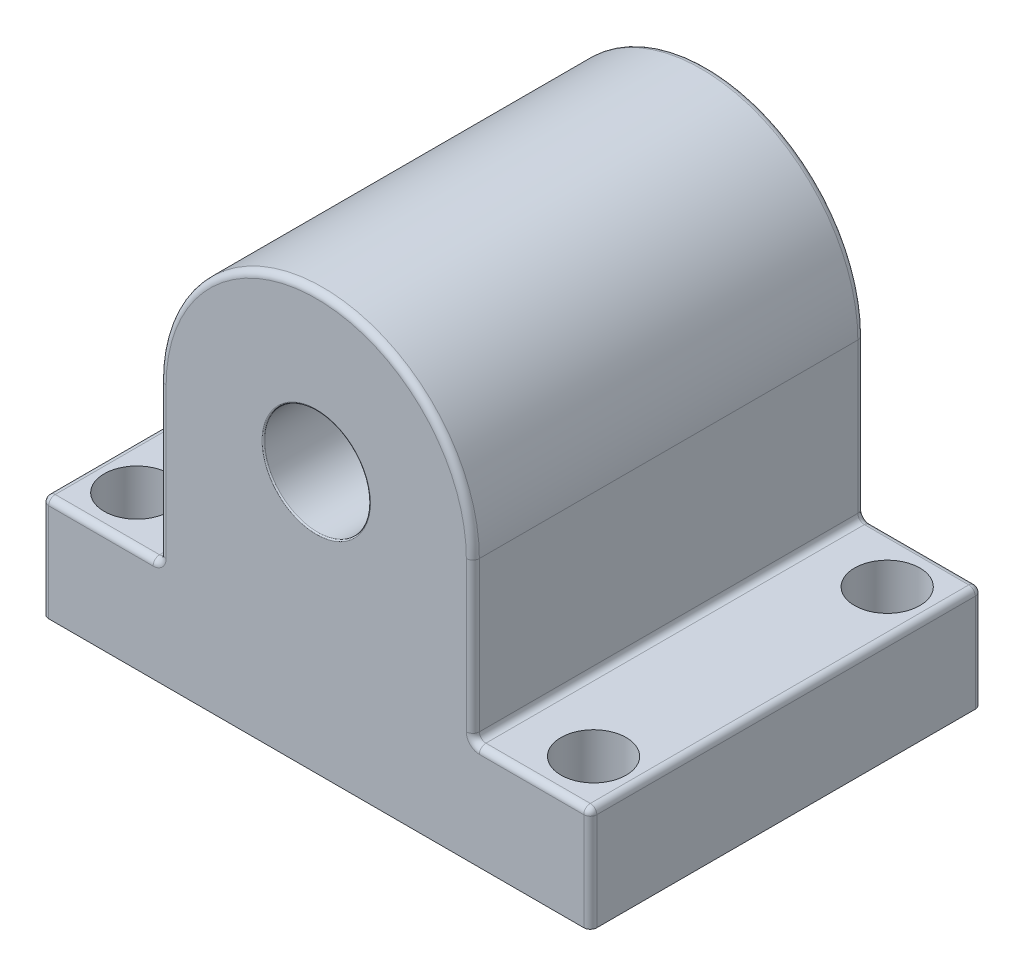
ISO-10303-21;
HEADER;
FILE_DESCRIPTION(('STEP AP214'),'2;1');
FILE_NAME('part.step','',(''),(''),'','','');
FILE_SCHEMA(('AUTOMOTIVE_DESIGN { 1 0 10303 214 1 1 1 1 }'));
ENDSEC;
DATA;
#1=APPLICATION_CONTEXT('core data for automotive mechanical design processes');
#2=APPLICATION_PROTOCOL_DEFINITION('international standard','automotive_design',2000,#1);
#3=PRODUCT_CONTEXT('',#1,'mechanical');
#4=PRODUCT('Part','Part','',(#3));
#5=PRODUCT_RELATED_PRODUCT_CATEGORY('part','',(#4));
#6=PRODUCT_DEFINITION_FORMATION('','',#4);
#7=PRODUCT_DEFINITION_CONTEXT('part definition',#1,'design');
#8=PRODUCT_DEFINITION('design','',#6,#7);
#9=PRODUCT_DEFINITION_SHAPE('','',#8);
#10=(LENGTH_UNIT() NAMED_UNIT(*) SI_UNIT(.MILLI.,.METRE.));
#11=(NAMED_UNIT(*) PLANE_ANGLE_UNIT() SI_UNIT($,.RADIAN.));
#12=(NAMED_UNIT(*) SI_UNIT($,.STERADIAN.) SOLID_ANGLE_UNIT());
#13=UNCERTAINTY_MEASURE_WITH_UNIT(LENGTH_MEASURE(1.E-05),#10,'distance_accuracy_value','');
#14=(GEOMETRIC_REPRESENTATION_CONTEXT(3) GLOBAL_UNCERTAINTY_ASSIGNED_CONTEXT((#13)) GLOBAL_UNIT_ASSIGNED_CONTEXT((#10,
#11,#12)) REPRESENTATION_CONTEXT('',''));
#15=CARTESIAN_POINT('',(0.,0.,0.));
#16=DIRECTION('',(0.,0.,1.));
#17=DIRECTION('',(1.,0.,0.));
#18=AXIS2_PLACEMENT_3D('',#15,#16,#17);
#19=CARTESIAN_POINT('',(12.,0.,-15.));
#20=DIRECTION('',(-1.,0.,0.));
#21=DIRECTION('',(0.,0.,1.));
#22=AXIS2_PLACEMENT_3D('',#19,#20,#21);
#23=PLANE('',#22);
#24=DIRECTION('',(0.,0.,1.));
#25=VECTOR('',#24,1.);
#26=CARTESIAN_POINT('',(12.,20.,-15.));
#27=LINE('',#26,#25);
#28=CARTESIAN_POINT('',(12.,20.,-14.5));
#29=VERTEX_POINT('',#28);
#30=CARTESIAN_POINT('',(12.,20.,14.5));
#31=VERTEX_POINT('',#30);
#32=EDGE_CURVE('E229',#29,#31,#27,.T.);
#33=ORIENTED_EDGE('',*,*,#32,.T.);
#34=DIRECTION('',(0.,-1.,0.));
#35=VECTOR('',#34,1.);
#36=CARTESIAN_POINT('',(12.,8.,14.5));
#37=LINE('',#36,#35);
#38=CARTESIAN_POINT('',(12.,8.5,14.5));
#39=VERTEX_POINT('',#38);
#40=EDGE_CURVE('E259',#31,#39,#37,.T.);
#41=ORIENTED_EDGE('',*,*,#40,.T.);
#42=DIRECTION('',(0.,0.,1.));
#43=VECTOR('',#42,1.);
#44=CARTESIAN_POINT('',(12.,8.5,-15.));
#45=LINE('',#44,#43);
#46=CARTESIAN_POINT('',(12.,8.5,-14.5));
#47=VERTEX_POINT('',#46);
#48=EDGE_CURVE('E255',#39,#47,#45,.F.);
#49=ORIENTED_EDGE('',*,*,#48,.T.);
#50=DIRECTION('',(0.,-1.,0.));
#51=VECTOR('',#50,1.);
#52=CARTESIAN_POINT('',(12.,0.,-14.5));
#53=LINE('',#52,#51);
#54=EDGE_CURVE('E257',#47,#29,#53,.F.);
#55=ORIENTED_EDGE('',*,*,#54,.T.);
#56=EDGE_LOOP('',(#33,#41,#49,#55));
#57=FACE_BOUND('',#56,.T.);
#58=ADVANCED_FACE('F36',(#57),#23,.F.);
#59=CARTESIAN_POINT('',(0.,8.,-15.));
#60=DIRECTION('',(0.,-1.,0.));
#61=DIRECTION('',(0.,0.,-1.));
#62=AXIS2_PLACEMENT_3D('',#59,#60,#61);
#63=PLANE('',#62);
#64=DIRECTION('',(1.,0.,0.));
#65=VECTOR('',#64,1.);
#66=CARTESIAN_POINT('',(21.,8.,14.5));
#67=LINE('',#66,#65);
#68=CARTESIAN_POINT('',(12.5,8.,14.5));
#69=VERTEX_POINT('',#68);
#70=CARTESIAN_POINT('',(20.5,8.,14.5));
#71=VERTEX_POINT('',#70);
#72=EDGE_CURVE('E197',#69,#71,#67,.T.);
#73=ORIENTED_EDGE('',*,*,#72,.T.);
#74=DIRECTION('',(0.,0.,1.));
#75=VECTOR('',#74,1.);
#76=CARTESIAN_POINT('',(20.5,8.,-15.));
#77=LINE('',#76,#75);
#78=CARTESIAN_POINT('',(20.5,8.,-14.5));
#79=VERTEX_POINT('',#78);
#80=EDGE_CURVE('E193',#71,#79,#77,.F.);
#81=ORIENTED_EDGE('',*,*,#80,.T.);
#82=DIRECTION('',(1.,0.,0.));
#83=VECTOR('',#82,1.);
#84=CARTESIAN_POINT('',(0.,8.,-14.5));
#85=LINE('',#84,#83);
#86=CARTESIAN_POINT('',(12.5,8.,-14.5));
#87=VERTEX_POINT('',#86);
#88=EDGE_CURVE('E184',#79,#87,#85,.F.);
#89=ORIENTED_EDGE('',*,*,#88,.T.);
#90=DIRECTION('',(0.,0.,1.));
#91=VECTOR('',#90,1.);
#92=CARTESIAN_POINT('',(12.5,8.,15.));
#93=LINE('',#92,#91);
#94=EDGE_CURVE('E190',#87,#69,#93,.T.);
#95=ORIENTED_EDGE('',*,*,#94,.T.);
#96=EDGE_LOOP('',(#73,#81,#89,#95));
#97=FACE_BOUND('',#96,.T.);
#98=CARTESIAN_POINT('',(17.5,8.,-11.25));
#99=DIRECTION('',(0.,1.,0.));
#100=DIRECTION('',(0.,0.,1.));
#101=AXIS2_PLACEMENT_3D('',#98,#99,#100);
#102=CIRCLE('',#101,2.5);
#103=CARTESIAN_POINT('',(17.5,8.,-8.75));
#104=VERTEX_POINT('',#103);
#105=EDGE_CURVE('E913',#104,#104,#102,.T.);
#106=ORIENTED_EDGE('',*,*,#105,.F.);
#107=EDGE_LOOP('',(#106));
#108=FACE_BOUND('',#107,.T.);
#109=CARTESIAN_POINT('',(17.5,8.,11.25));
#110=DIRECTION('',(0.,1.,0.));
#111=DIRECTION('',(0.,0.,1.));
#112=AXIS2_PLACEMENT_3D('',#109,#110,#111);
#113=CIRCLE('',#112,2.5);
#114=CARTESIAN_POINT('',(17.5,8.,13.75));
#115=VERTEX_POINT('',#114);
#116=EDGE_CURVE('E386',#115,#115,#113,.T.);
#117=ORIENTED_EDGE('',*,*,#116,.F.);
#118=EDGE_LOOP('',(#117));
#119=FACE_BOUND('',#118,.T.);
#120=ADVANCED_FACE('F187',(#97,#108,#119),#63,.F.);
#121=CARTESIAN_POINT('',(21.,0.,-15.));
#122=DIRECTION('',(-1.,0.,0.));
#123=DIRECTION('',(0.,-1.,0.));
#124=AXIS2_PLACEMENT_3D('',#121,#122,#123);
#125=PLANE('',#124);
#126=DIRECTION('',(0.,0.,1.));
#127=VECTOR('',#126,1.);
#128=CARTESIAN_POINT('',(21.,0.,-15.));
#129=LINE('',#128,#127);
#130=CARTESIAN_POINT('',(21.,0.,-14.5));
#131=VERTEX_POINT('',#130);
#132=CARTESIAN_POINT('',(21.,0.,14.5));
#133=VERTEX_POINT('',#132);
#134=EDGE_CURVE('E223',#131,#133,#129,.T.);
#135=ORIENTED_EDGE('',*,*,#134,.F.);
#136=DIRECTION('',(0.,-1.,0.));
#137=VECTOR('',#136,1.);
#138=CARTESIAN_POINT('',(21.,0.,-14.5));
#139=LINE('',#138,#137);
#140=CARTESIAN_POINT('',(21.,7.5,-14.5));
#141=VERTEX_POINT('',#140);
#142=EDGE_CURVE('E56',#131,#141,#139,.F.);
#143=ORIENTED_EDGE('',*,*,#142,.T.);
#144=DIRECTION('',(0.,0.,1.));
#145=VECTOR('',#144,1.);
#146=CARTESIAN_POINT('',(21.,7.5,-15.));
#147=LINE('',#146,#145);
#148=CARTESIAN_POINT('',(21.,7.5,14.5));
#149=VERTEX_POINT('',#148);
#150=EDGE_CURVE('E51',#141,#149,#147,.T.);
#151=ORIENTED_EDGE('',*,*,#150,.T.);
#152=DIRECTION('',(0.,-1.,0.));
#153=VECTOR('',#152,1.);
#154=CARTESIAN_POINT('',(21.,0.,14.5));
#155=LINE('',#154,#153);
#156=EDGE_CURVE('E314',#149,#133,#155,.T.);
#157=ORIENTED_EDGE('',*,*,#156,.T.);
#158=EDGE_LOOP('',(#135,#143,#151,#157));
#159=FACE_BOUND('',#158,.T.);
#160=ADVANCED_FACE('F545',(#159),#125,.F.);
#161=CARTESIAN_POINT('',(0.,0.,-15.));
#162=DIRECTION('',(0.,1.,0.));
#163=DIRECTION('',(-1.,0.,0.));
#164=AXIS2_PLACEMENT_3D('',#161,#162,#163);
#165=PLANE('',#164);
#166=CARTESIAN_POINT('',(17.5,0.,-11.25));
#167=DIRECTION('',(0.,1.,0.));
#168=DIRECTION('',(-1.,0.,0.));
#169=AXIS2_PLACEMENT_3D('',#166,#167,#168);
#170=CIRCLE('',#169,2.5);
#171=CARTESIAN_POINT('',(15.,0.,-11.25));
#172=VERTEX_POINT('',#171);
#173=EDGE_CURVE('E910',#172,#172,#170,.F.);
#174=ORIENTED_EDGE('',*,*,#173,.F.);
#175=EDGE_LOOP('',(#174));
#176=FACE_BOUND('',#175,.T.);
#177=CARTESIAN_POINT('',(-17.5,0.,11.25));
#178=DIRECTION('',(0.,1.,0.));
#179=DIRECTION('',(-1.,0.,0.));
#180=AXIS2_PLACEMENT_3D('',#177,#178,#179);
#181=CIRCLE('',#180,2.5);
#182=CARTESIAN_POINT('',(-20.,0.,11.25));
#183=VERTEX_POINT('',#182);
#184=EDGE_CURVE('E916',#183,#183,#181,.F.);
#185=ORIENTED_EDGE('',*,*,#184,.F.);
#186=EDGE_LOOP('',(#185));
#187=FACE_BOUND('',#186,.T.);
#188=CARTESIAN_POINT('',(17.5,0.,11.25));
#189=DIRECTION('',(0.,1.,0.));
#190=DIRECTION('',(-1.,0.,0.));
#191=AXIS2_PLACEMENT_3D('',#188,#189,#190);
#192=CIRCLE('',#191,2.5);
#193=CARTESIAN_POINT('',(15.,0.,11.25));
#194=VERTEX_POINT('',#193);
#195=EDGE_CURVE('E921',#194,#194,#192,.F.);
#196=ORIENTED_EDGE('',*,*,#195,.F.);
#197=EDGE_LOOP('',(#196));
#198=FACE_BOUND('',#197,.T.);
#199=CARTESIAN_POINT('',(-17.5,0.,-11.25));
#200=DIRECTION('',(0.,1.,0.));
#201=DIRECTION('',(-1.,0.,0.));
#202=AXIS2_PLACEMENT_3D('',#199,#200,#201);
#203=CIRCLE('',#202,2.5);
#204=CARTESIAN_POINT('',(-20.,0.,-11.25));
#205=VERTEX_POINT('',#204);
#206=EDGE_CURVE('E450',#205,#205,#203,.F.);
#207=ORIENTED_EDGE('',*,*,#206,.F.);
#208=EDGE_LOOP('',(#207));
#209=FACE_BOUND('',#208,.T.);
#210=DIRECTION('',(0.,0.,1.));
#211=VECTOR('',#210,1.);
#212=CARTESIAN_POINT('',(-21.,0.,-15.));
#213=LINE('',#212,#211);
#214=CARTESIAN_POINT('',(-21.,0.,-14.5));
#215=VERTEX_POINT('',#214);
#216=CARTESIAN_POINT('',(-21.,0.,14.5));
#217=VERTEX_POINT('',#216);
#218=EDGE_CURVE('E226',#215,#217,#213,.T.);
#219=ORIENTED_EDGE('',*,*,#218,.F.);
#220=CARTESIAN_POINT('',(-20.5,0.,-14.5));
#221=DIRECTION('',(0.,1.,0.));
#222=DIRECTION('',(-1.,0.,0.));
#223=AXIS2_PLACEMENT_3D('',#220,#221,#222);
#224=CIRCLE('',#223,0.5);
#225=CARTESIAN_POINT('',(-20.5,0.,-15.));
#226=VERTEX_POINT('',#225);
#227=EDGE_CURVE('E311',#215,#226,#224,.F.);
#228=ORIENTED_EDGE('',*,*,#227,.T.);
#229=DIRECTION('',(-1.,0.,0.));
#230=VECTOR('',#229,1.);
#231=CARTESIAN_POINT('',(0.,0.,-15.));
#232=LINE('',#231,#230);
#233=CARTESIAN_POINT('',(20.5,0.,-15.));
#234=VERTEX_POINT('',#233);
#235=EDGE_CURVE('E449',#234,#226,#232,.T.);
#236=ORIENTED_EDGE('',*,*,#235,.F.);
#237=CARTESIAN_POINT('',(20.5,0.,-14.5));
#238=DIRECTION('',(0.,1.,0.));
#239=DIRECTION('',(-1.,0.,0.));
#240=AXIS2_PLACEMENT_3D('',#237,#238,#239);
#241=CIRCLE('',#240,0.5);
#242=EDGE_CURVE('E309',#234,#131,#241,.F.);
#243=ORIENTED_EDGE('',*,*,#242,.T.);
#244=ORIENTED_EDGE('',*,*,#134,.T.);
#245=CARTESIAN_POINT('',(20.5,0.,14.5));
#246=DIRECTION('',(0.,1.,0.));
#247=DIRECTION('',(-1.,0.,0.));
#248=AXIS2_PLACEMENT_3D('',#245,#246,#247);
#249=CIRCLE('',#248,0.5);
#250=CARTESIAN_POINT('',(20.5,0.,15.));
#251=VERTEX_POINT('',#250);
#252=EDGE_CURVE('E307',#133,#251,#249,.F.);
#253=ORIENTED_EDGE('',*,*,#252,.T.);
#254=DIRECTION('',(-1.,0.,0.));
#255=VECTOR('',#254,1.);
#256=CARTESIAN_POINT('',(0.,0.,15.));
#257=LINE('',#256,#255);
#258=CARTESIAN_POINT('',(-20.5,0.,15.));
#259=VERTEX_POINT('',#258);
#260=EDGE_CURVE('E445',#251,#259,#257,.T.);
#261=ORIENTED_EDGE('',*,*,#260,.T.);
#262=CARTESIAN_POINT('',(-20.5,0.,14.5));
#263=DIRECTION('',(0.,1.,0.));
#264=DIRECTION('',(-1.,0.,0.));
#265=AXIS2_PLACEMENT_3D('',#262,#263,#264);
#266=CIRCLE('',#265,0.5);
#267=EDGE_CURVE('E305',#259,#217,#266,.F.);
#268=ORIENTED_EDGE('',*,*,#267,.T.);
#269=EDGE_LOOP('',(#219,#228,#236,#243,#244,#253,#261,#268));
#270=FACE_BOUND('',#269,.T.);
#271=ADVANCED_FACE('F522',(#176,#187,#198,#209,#270),#165,.F.);
#272=CARTESIAN_POINT('',(-21.,0.,-15.));
#273=DIRECTION('',(1.,0.,0.));
#274=DIRECTION('',(0.,0.,-1.));
#275=AXIS2_PLACEMENT_3D('',#272,#273,#274);
#276=PLANE('',#275);
#277=DIRECTION('',(0.,0.,1.));
#278=VECTOR('',#277,1.);
#279=CARTESIAN_POINT('',(-21.,7.5,-15.));
#280=LINE('',#279,#278);
#281=CARTESIAN_POINT('',(-21.,7.5,14.5));
#282=VERTEX_POINT('',#281);
#283=CARTESIAN_POINT('',(-21.,7.5,-14.5));
#284=VERTEX_POINT('',#283);
#285=EDGE_CURVE('E299',#282,#284,#280,.F.);
#286=ORIENTED_EDGE('',*,*,#285,.T.);
#287=DIRECTION('',(0.,1.,0.));
#288=VECTOR('',#287,1.);
#289=CARTESIAN_POINT('',(-21.,0.,-14.5));
#290=LINE('',#289,#288);
#291=EDGE_CURVE('E303',#284,#215,#290,.F.);
#292=ORIENTED_EDGE('',*,*,#291,.T.);
#293=ORIENTED_EDGE('',*,*,#218,.T.);
#294=DIRECTION('',(0.,1.,0.));
#295=VECTOR('',#294,1.);
#296=CARTESIAN_POINT('',(-21.,8.,14.5));
#297=LINE('',#296,#295);
#298=EDGE_CURVE('E301',#217,#282,#297,.T.);
#299=ORIENTED_EDGE('',*,*,#298,.T.);
#300=EDGE_LOOP('',(#286,#292,#293,#299));
#301=FACE_BOUND('',#300,.T.);
#302=ADVANCED_FACE('F525',(#301),#276,.F.);
#303=CARTESIAN_POINT('',(0.,8.,-15.));
#304=DIRECTION('',(0.,-1.,0.));
#305=DIRECTION('',(0.,0.,-1.));
#306=AXIS2_PLACEMENT_3D('',#303,#304,#305);
#307=PLANE('',#306);
#308=DIRECTION('',(0.,0.,1.));
#309=VECTOR('',#308,1.);
#310=CARTESIAN_POINT('',(-12.5,8.,-15.));
#311=LINE('',#310,#309);
#312=CARTESIAN_POINT('',(-12.5,8.,14.5));
#313=VERTEX_POINT('',#312);
#314=CARTESIAN_POINT('',(-12.5,8.,-14.5));
#315=VERTEX_POINT('',#314);
#316=EDGE_CURVE('E284',#313,#315,#311,.F.);
#317=ORIENTED_EDGE('',*,*,#316,.T.);
#318=DIRECTION('',(1.,0.,0.));
#319=VECTOR('',#318,1.);
#320=CARTESIAN_POINT('',(0.,8.,-14.5));
#321=LINE('',#320,#319);
#322=CARTESIAN_POINT('',(-20.5,8.,-14.5));
#323=VERTEX_POINT('',#322);
#324=EDGE_CURVE('E290',#315,#323,#321,.F.);
#325=ORIENTED_EDGE('',*,*,#324,.T.);
#326=DIRECTION('',(0.,0.,1.));
#327=VECTOR('',#326,1.);
#328=CARTESIAN_POINT('',(-20.5,8.,-15.));
#329=LINE('',#328,#327);
#330=CARTESIAN_POINT('',(-20.5,8.,14.5));
#331=VERTEX_POINT('',#330);
#332=EDGE_CURVE('E288',#323,#331,#329,.T.);
#333=ORIENTED_EDGE('',*,*,#332,.T.);
#334=DIRECTION('',(1.,0.,0.));
#335=VECTOR('',#334,1.);
#336=CARTESIAN_POINT('',(-12.,8.,14.5));
#337=LINE('',#336,#335);
#338=EDGE_CURVE('E286',#331,#313,#337,.T.);
#339=ORIENTED_EDGE('',*,*,#338,.T.);
#340=EDGE_LOOP('',(#317,#325,#333,#339));
#341=FACE_BOUND('',#340,.T.);
#342=CARTESIAN_POINT('',(-17.5,8.,11.25));
#343=DIRECTION('',(0.,1.,0.));
#344=DIRECTION('',(0.,0.,1.));
#345=AXIS2_PLACEMENT_3D('',#342,#343,#344);
#346=CIRCLE('',#345,2.5);
#347=CARTESIAN_POINT('',(-17.5,8.,13.75));
#348=VERTEX_POINT('',#347);
#349=EDGE_CURVE('E919',#348,#348,#346,.T.);
#350=ORIENTED_EDGE('',*,*,#349,.F.);
#351=EDGE_LOOP('',(#350));
#352=FACE_BOUND('',#351,.T.);
#353=CARTESIAN_POINT('',(-17.5,8.,-11.25));
#354=DIRECTION('',(0.,1.,0.));
#355=DIRECTION('',(0.,0.,1.));
#356=AXIS2_PLACEMENT_3D('',#353,#354,#355);
#357=CIRCLE('',#356,2.5);
#358=CARTESIAN_POINT('',(-17.5,8.,-8.75));
#359=VERTEX_POINT('',#358);
#360=EDGE_CURVE('E454',#359,#359,#357,.T.);
#361=ORIENTED_EDGE('',*,*,#360,.F.);
#362=EDGE_LOOP('',(#361));
#363=FACE_BOUND('',#362,.T.);
#364=ADVANCED_FACE('F540',(#341,#352,#363),#307,.F.);
#365=CARTESIAN_POINT('',(-12.,0.,-15.));
#366=DIRECTION('',(1.,0.,0.));
#367=DIRECTION('',(0.,0.,-1.));
#368=AXIS2_PLACEMENT_3D('',#365,#366,#367);
#369=PLANE('',#368);
#370=DIRECTION('',(0.,0.,1.));
#371=VECTOR('',#370,1.);
#372=CARTESIAN_POINT('',(-12.,8.5,15.));
#373=LINE('',#372,#371);
#374=CARTESIAN_POINT('',(-12.,8.5,-14.5));
#375=VERTEX_POINT('',#374);
#376=CARTESIAN_POINT('',(-12.,8.5,14.5));
#377=VERTEX_POINT('',#376);
#378=EDGE_CURVE('E293',#375,#377,#373,.T.);
#379=ORIENTED_EDGE('',*,*,#378,.T.);
#380=DIRECTION('',(0.,1.,0.));
#381=VECTOR('',#380,1.);
#382=CARTESIAN_POINT('',(-12.,20.,14.5));
#383=LINE('',#382,#381);
#384=CARTESIAN_POINT('',(-12.,20.,14.5));
#385=VERTEX_POINT('',#384);
#386=EDGE_CURVE('E297',#377,#385,#383,.T.);
#387=ORIENTED_EDGE('',*,*,#386,.T.);
#388=DIRECTION('',(0.,0.,1.));
#389=VECTOR('',#388,1.);
#390=CARTESIAN_POINT('',(-12.,20.,-15.));
#391=LINE('',#390,#389);
#392=CARTESIAN_POINT('',(-12.,20.,-14.5));
#393=VERTEX_POINT('',#392);
#394=EDGE_CURVE('E458',#393,#385,#391,.T.);
#395=ORIENTED_EDGE('',*,*,#394,.F.);
#396=DIRECTION('',(0.,1.,0.));
#397=VECTOR('',#396,1.);
#398=CARTESIAN_POINT('',(-12.,0.,-14.5));
#399=LINE('',#398,#397);
#400=EDGE_CURVE('E295',#393,#375,#399,.F.);
#401=ORIENTED_EDGE('',*,*,#400,.T.);
#402=EDGE_LOOP('',(#379,#387,#395,#401));
#403=FACE_BOUND('',#402,.T.);
#404=ADVANCED_FACE('F407',(#403),#369,.F.);
#405=CARTESIAN_POINT('',(0.,20.,-15.));
#406=DIRECTION('',(0.,0.,1.));
#407=DIRECTION('',(1.,0.,0.));
#408=AXIS2_PLACEMENT_3D('',#405,#406,#407);
#409=CYLINDRICAL_SURFACE('',#408,4.05);
#410=CARTESIAN_POINT('',(0.,20.,14.9));
#411=DIRECTION('',(0.,0.,1.));
#412=DIRECTION('',(1.,0.,0.));
#413=AXIS2_PLACEMENT_3D('',#410,#411,#412);
#414=CIRCLE('',#413,4.05);
#415=CARTESIAN_POINT('',(4.04999999999999,20.,14.9));
#416=VERTEX_POINT('',#415);
#417=EDGE_CURVE('E389',#416,#416,#414,.T.);
#418=ORIENTED_EDGE('',*,*,#417,.T.);
#419=EDGE_LOOP('',(#418));
#420=FACE_BOUND('',#419,.T.);
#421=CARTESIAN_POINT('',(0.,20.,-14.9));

> Problem to solve
Would you print exactly and only the lines of the material above that run from the line with "#325=ORIENTED_EDGE('',*,*,#324,.T.);" through the line with "#350=ORIENTED_EDGE('',*,*,#349,.F.);", both included?

> The completed task
#325=ORIENTED_EDGE('',*,*,#324,.T.);
#326=DIRECTION('',(0.,0.,1.));
#327=VECTOR('',#326,1.);
#328=CARTESIAN_POINT('',(-20.5,8.,-15.));
#329=LINE('',#328,#327);
#330=CARTESIAN_POINT('',(-20.5,8.,14.5));
#331=VERTEX_POINT('',#330);
#332=EDGE_CURVE('E288',#323,#331,#329,.T.);
#333=ORIENTED_EDGE('',*,*,#332,.T.);
#334=DIRECTION('',(1.,0.,0.));
#335=VECTOR('',#334,1.);
#336=CARTESIAN_POINT('',(-12.,8.,14.5));
#337=LINE('',#336,#335);
#338=EDGE_CURVE('E286',#331,#313,#337,.T.);
#339=ORIENTED_EDGE('',*,*,#338,.T.);
#340=EDGE_LOOP('',(#317,#325,#333,#339));
#341=FACE_BOUND('',#340,.T.);
#342=CARTESIAN_POINT('',(-17.5,8.,11.25));
#343=DIRECTION('',(0.,1.,0.));
#344=DIRECTION('',(0.,0.,1.));
#345=AXIS2_PLACEMENT_3D('',#342,#343,#344);
#346=CIRCLE('',#345,2.5);
#347=CARTESIAN_POINT('',(-17.5,8.,13.75));
#348=VERTEX_POINT('',#347);
#349=EDGE_CURVE('E919',#348,#348,#346,.T.);
#350=ORIENTED_EDGE('',*,*,#349,.F.);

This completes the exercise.